Of course, legislation like the Chips Act makes little sense in response to the issues raised by the pandemic. The pandemic’s effects on supply chains may soon be behind us, and the potential challenges associated with future pandemics, whenever they may occur, are unknown. The private sector will no doubt draw lessons from the pandemic about supply chain resiliency and adapt to these lessons over time. Governments may also learn from the experience about the importance of stockpiling certain types of supplies to address emergency scenarios. But it is difficult to find a rationale from the pandemic for subsidizing semiconductor manufacturing.
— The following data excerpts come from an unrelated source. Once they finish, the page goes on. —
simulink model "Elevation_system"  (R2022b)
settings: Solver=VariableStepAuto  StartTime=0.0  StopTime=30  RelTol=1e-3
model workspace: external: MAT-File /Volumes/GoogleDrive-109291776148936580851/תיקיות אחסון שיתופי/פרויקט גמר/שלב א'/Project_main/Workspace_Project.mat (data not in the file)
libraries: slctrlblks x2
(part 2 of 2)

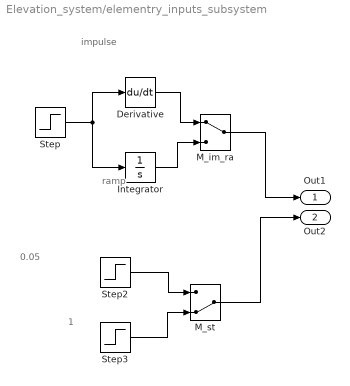
== system Elevation_system/elementry_inputs_subsystem ==
  note: impulse
  note: ramp
  note: 0.05
  note: 1
  Derivative : Derivative
  Integrator : Integrator
  M_im_ra : ManualSwitch
  M_st : ManualSwitch  CurrentSetting=0
  Step : Step  SampleTime=0
  Step2 : Step  After=0.05  SampleTime=0
  Step3 : Step  SampleTime=0
  Out1 : Outport
  Out2 : Outport  Port=2
  wires:
  M_st/1 -> Out2/1
  Step3/1 -> M_st/2
  Derivative/1 -> M_im_ra/1
  M_im_ra/1 -> Out1/1
  Step/1 -> Integrator/1, Derivative/1
  Step2/1 -> M_st/1
  Integrator/1 -> M_im_ra/2

Alan O. Sykes is a leading expert on the application of economics to legal problems whose most recent scholarship is focused on international economic relations. His writing and teaching have encompassed international trade, torts, contracts, insurance, antitrust, international investment law and economic analysis of law. In 2010, he founded Stanford Law School’s LLM program in International Economic Law, Business and Policy (IELBP). Professor Sykes has been a member of the executive committee and the board of the American Law and Economics Association, and served as reporter for the American Law Institute Project on Principles of Trade Law: The World Trade Organization. He is on the Board of Editors for the Journal of International Economic Law and the World Trade Review. He formerly served as a member of the editorial board of the American Journal of International Law, and as an editor of the Journal of Legal Studies and the Journal of Law and Economics. He is also a former National Science Foundation graduate fellow in the Department of Economics at Yale University.